▶ **Problem**: The records that follow are to be given again exactly. Do not carry over any image.

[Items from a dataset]
■ ■ ■ ■ ■ ■ ■

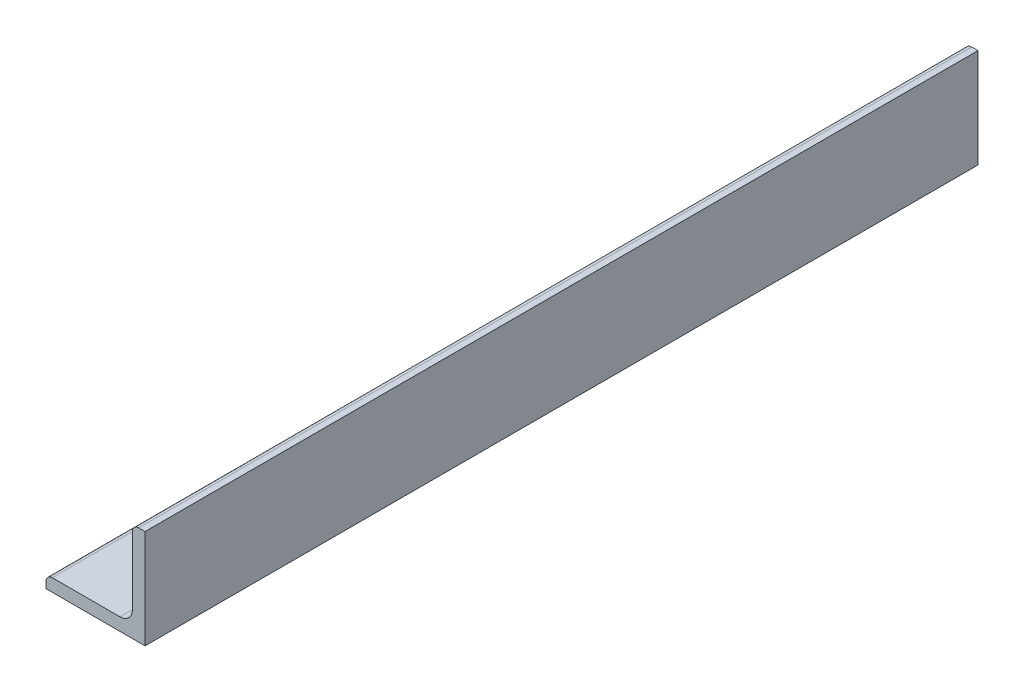
from build123d import *

# Parameters (mm, degrees)
BOSS_EXTRUDE1_DEPTH     = 152.4
CUT_EXTRUDE1_START      = -6.35
CUT_EXTRUDE1_DEPTH      = 6.35
CUT_EXTRUDE2_DEPTH      = 154.454683865
CUT_EXTRUDE2_DEPTH_BACK = 154.454683865
SKETCH4_W               = 35.4
SKETCH4_H               = 35.921024484
SKETCH5_W               = 49.45
SKETCH5_H               = 25.4
CUT_EXTRUDE3_DEPTH      = 156.02325632


with BuildPart() as part:
    # Sketch2 → Boss-Extrude1 (new, symmetric)
    with BuildSketch(Plane.XY):
        with BuildLine():
            Line((-12.7, -12.7), (12.7, -12.7))
            Line((12.7, -12.7), (12.7, 12.7))
            Line((12.7, 12.7), (11.0749969, 12.7))
            ThreePointArc((11.0749969, 12.7), (9.925946189, 12.224047611), (9.4499938, 11.0749969))
            Line((9.4499938, 11.0749969), (9.4499938, -6.2749938))
            ThreePointArc((9.4499938, -6.2749938), (8.52005783, -8.52005783), (6.2749938, -9.4499938))
            Line((6.2749938, -9.4499938), (-11.0749969, -9.4499938))
            ThreePointArc((-11.0749969, -9.4499938), (-12.224047611, -9.925946189), (-12.7, -11.0749969))
            Line((-12.7, -11.0749969), (-12.7, -12.7))
        make_face()
    extrude(amount=BOSS_EXTRUDE1_DEPTH, both=True)

    # Sketch3 → Cut-Extrude1 (cut)
    with BuildSketch(Plane(origin=(0, 0, -152.4), x_dir=(-1, 0, 0), z_dir=(0, 0, -1)).offset(CUT_EXTRUDE1_START)):
        with BuildLine():
            Line((12.7, -12.7), (12.7, -11.0749969))
            ThreePointArc((12.7, -11.0749969), (12.224047611, -9.925946189), (11.0749969, -9.4499938))
            Line((11.0749969, -9.4499938), (-6.2749938, -9.4499938))
            ThreePointArc((-6.2749938, -9.4499938), (-8.52005783, -8.52005783), (-9.4499938, -6.2749938))
            Line((-9.4499938, -6.2749938), (-9.4499938, 11.0749969))
            ThreePointArc((-9.4499938, 11.0749969), (-9.925946189, 12.224047611), (-11.0749969, 12.7))
            Line((-11.0749969, 12.7), (-12.7, 12.7))
            Line((-12.7, 12.7), (-12.7, -12.7))
            Line((-12.7, -12.7), (12.7, -12.7))
        make_face()
    extrude(amount=CUT_EXTRUDE1_DEPTH, mode=Mode.SUBTRACT)

    # Sketch4 → Cut-Extrude2 (cut, two sides: drawn at the far end of the back side and taken through both)
    with BuildSketch(Plane(origin=(0, 0, 0), x_dir=(0, 0, -1), z_dir=(0.7071067811865476, -0.7071067811865475, 0)).offset(-CUT_EXTRUDE2_DEPTH_BACK)):
        with Locations((128.35, 0)):
            Rectangle(SKETCH4_W, SKETCH4_H)
    extrude(amount=CUT_EXTRUDE2_DEPTH + CUT_EXTRUDE2_DEPTH_BACK, mode=Mode.SUBTRACT)

    # Sketch5 → Cut-Extrude3 (cut, through all)
    with BuildSketch(Plane(origin=(12.7, 0, 0), x_dir=(0, 0, -1), z_dir=(1, 0, 0))):
        with Locations((-127.675, 0)):
            Rectangle(SKETCH5_W, SKETCH5_H)
    extrude(amount=-CUT_EXTRUDE3_DEPTH, mode=Mode.SUBTRACT)


solid = part.part
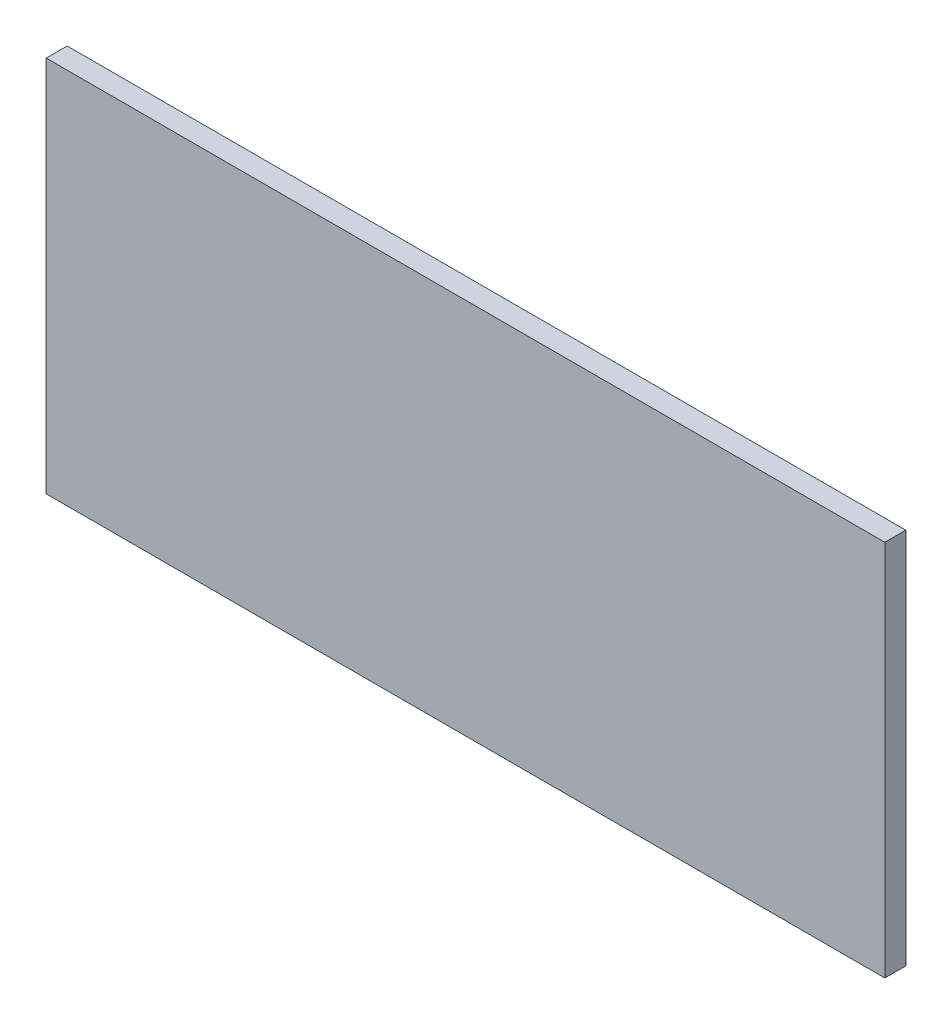
from build123d import *

# Parameters (mm, degrees)
ESQUISSE1_W        = 400
ESQUISSE1_H        = 180
BOSS_EXTRU_1_DEPTH = 10


with BuildPart() as part:
    # Esquisse1 → Boss.-Extru.1 (new body)
    with BuildSketch(Plane.XY):
        with Locations((-200, 90)):
            Rectangle(ESQUISSE1_W, ESQUISSE1_H)
    extrude(amount=BOSS_EXTRU_1_DEPTH)


solid = part.part
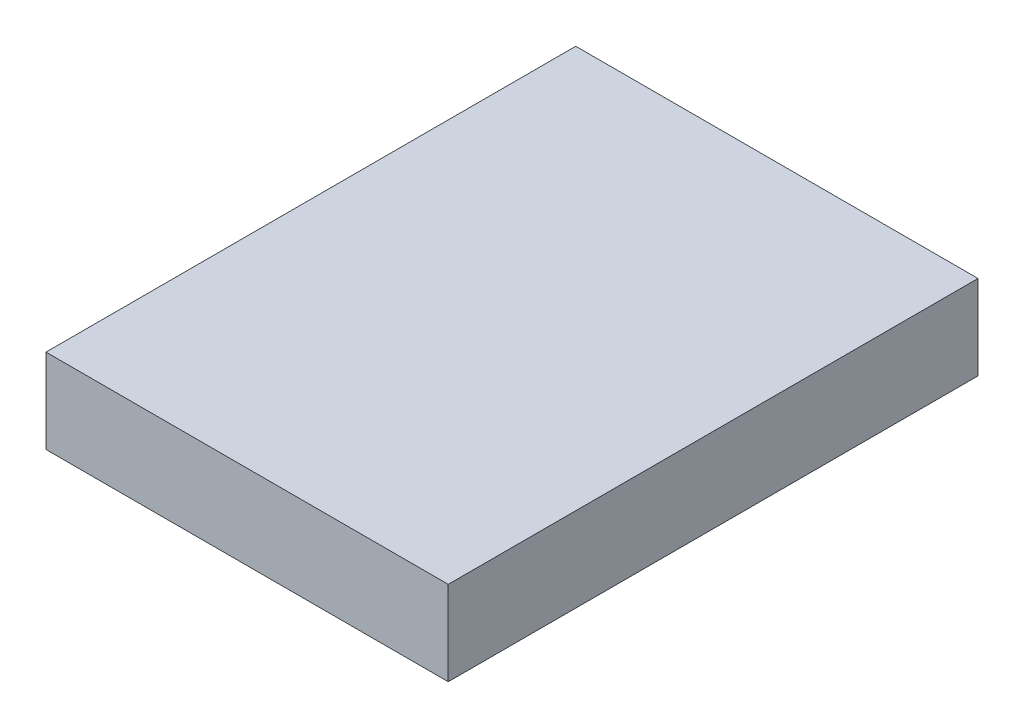
from build123d import *

# Parameters (mm, degrees)
SKETCH1_W           = 20.5
SKETCH1_H           = 27
BOSS_EXTRUDE1_DEPTH = 4.3


with BuildPart() as part:
    # Sketch1 → Boss-Extrude1 (new body)
    with BuildSketch(Plane(origin=(0, 0, 0), x_dir=(1, 0, 0), z_dir=(0, 1, 0))):
        Rectangle(SKETCH1_W, SKETCH1_H)
    extrude(amount=BOSS_EXTRUDE1_DEPTH)


solid = part.part

■ ■ ■ ■ ■ ■ ■

▶ **Your response**:
from build123d import *

# Parameters (mm, degrees)
BOSS_EXTRUDE1_DEPTH     = 152.4
CUT_EXTRUDE1_START      = -6.35
CUT_EXTRUDE1_DEPTH      = 6.35
CUT_EXTRUDE2_DEPTH      = 154.454683865
CUT_EXTRUDE2_DEPTH_BACK = 154.454683865
SKETCH4_W               = 35.4
SKETCH4_H               = 35.921024484
SKETCH5_W               = 49.45
SKETCH5_H               = 25.4
CUT_EXTRUDE3_DEPTH      = 156.02325632


with BuildPart() as part:
    # Sketch2 → Boss-Extrude1 (new, symmetric)
    with BuildSketch(Plane.XY):
        with BuildLine():
            Line((-12.7, -12.7), (12.7, -12.7))
            Line((12.7, -12.7), (12.7, 12.7))
            Line((12.7, 12.7), (11.0749969, 12.7))
            ThreePointArc((11.0749969, 12.7), (9.925946189, 12.224047611), (9.4499938, 11.0749969))
            Line((9.4499938, 11.0749969), (9.4499938, -6.2749938))
            ThreePointArc((9.4499938, -6.2749938), (8.52005783, -8.52005783), (6.2749938, -9.4499938))
            Line((6.2749938, -9.4499938), (-11.0749969, -9.4499938))
            ThreePointArc((-11.0749969, -9.4499938), (-12.224047611, -9.925946189), (-12.7, -11.0749969))
            Line((-12.7, -11.0749969), (-12.7, -12.7))
        make_face()
    extrude(amount=BOSS_EXTRUDE1_DEPTH, both=True)

    # Sketch3 → Cut-Extrude1 (cut)
    with BuildSketch(Plane(origin=(0, 0, -152.4), x_dir=(-1, 0, 0), z_dir=(0, 0, -1)).offset(CUT_EXTRUDE1_START)):
        with BuildLine():
            Line((12.7, -12.7), (12.7, -11.0749969))
            ThreePointArc((12.7, -11.0749969), (12.224047611, -9.925946189), (11.0749969, -9.4499938))
            Line((11.0749969, -9.4499938), (-6.2749938, -9.4499938))
            ThreePointArc((-6.2749938, -9.4499938), (-8.52005783, -8.52005783), (-9.4499938, -6.2749938))
            Line((-9.4499938, -6.2749938), (-9.4499938, 11.0749969))
            ThreePointArc((-9.4499938, 11.0749969), (-9.925946189, 12.224047611), (-11.0749969, 12.7))
            Line((-11.0749969, 12.7), (-12.7, 12.7))
            Line((-12.7, 12.7), (-12.7, -12.7))
            Line((-12.7, -12.7), (12.7, -12.7))
        make_face()
    extrude(amount=CUT_EXTRUDE1_DEPTH, mode=Mode.SUBTRACT)

    # Sketch4 → Cut-Extrude2 (cut, two sides: drawn at the far end of the back side and taken through both)
    with BuildSketch(Plane(origin=(0, 0, 0), x_dir=(0, 0, -1), z_dir=(0.7071067811865476, -0.7071067811865475, 0)).offset(-CUT_EXTRUDE2_DEPTH_BACK)):
        with Locations((128.35, 0)):
            Rectangle(SKETCH4_W, SKETCH4_H)
    extrude(amount=CUT_EXTRUDE2_DEPTH + CUT_EXTRUDE2_DEPTH_BACK, mode=Mode.SUBTRACT)

    # Sketch5 → Cut-Extrude3 (cut, through all)
    with BuildSketch(Plane(origin=(12.7, 0, 0), x_dir=(0, 0, -1), z_dir=(1, 0, 0))):
        with Locations((-127.675, 0)):
            Rectangle(SKETCH5_W, SKETCH5_H)
    extrude(amount=-CUT_EXTRUDE3_DEPTH, mode=Mode.SUBTRACT)


solid = part.part
from build123d import *

# Parameters (mm, degrees)
ESQUISSE1_W        = 400
ESQUISSE1_H        = 180
BOSS_EXTRU_1_DEPTH = 10


with BuildPart() as part:
    # Esquisse1 → Boss.-Extru.1 (new body)
    with BuildSketch(Plane.XY):
        with Locations((-200, 90)):
            Rectangle(ESQUISSE1_W, ESQUISSE1_H)
    extrude(amount=BOSS_EXTRU_1_DEPTH)


solid = part.part
from build123d import *

# Parameters (mm, degrees)
SKETCH1_W           = 20.5
SKETCH1_H           = 27
BOSS_EXTRUDE1_DEPTH = 4.3


with BuildPart() as part:
    # Sketch1 → Boss-Extrude1 (new body)
    with BuildSketch(Plane(origin=(0, 0, 0), x_dir=(1, 0, 0), z_dir=(0, 1, 0))):
        Rectangle(SKETCH1_W, SKETCH1_H)
    extrude(amount=BOSS_EXTRUDE1_DEPTH)


solid = part.part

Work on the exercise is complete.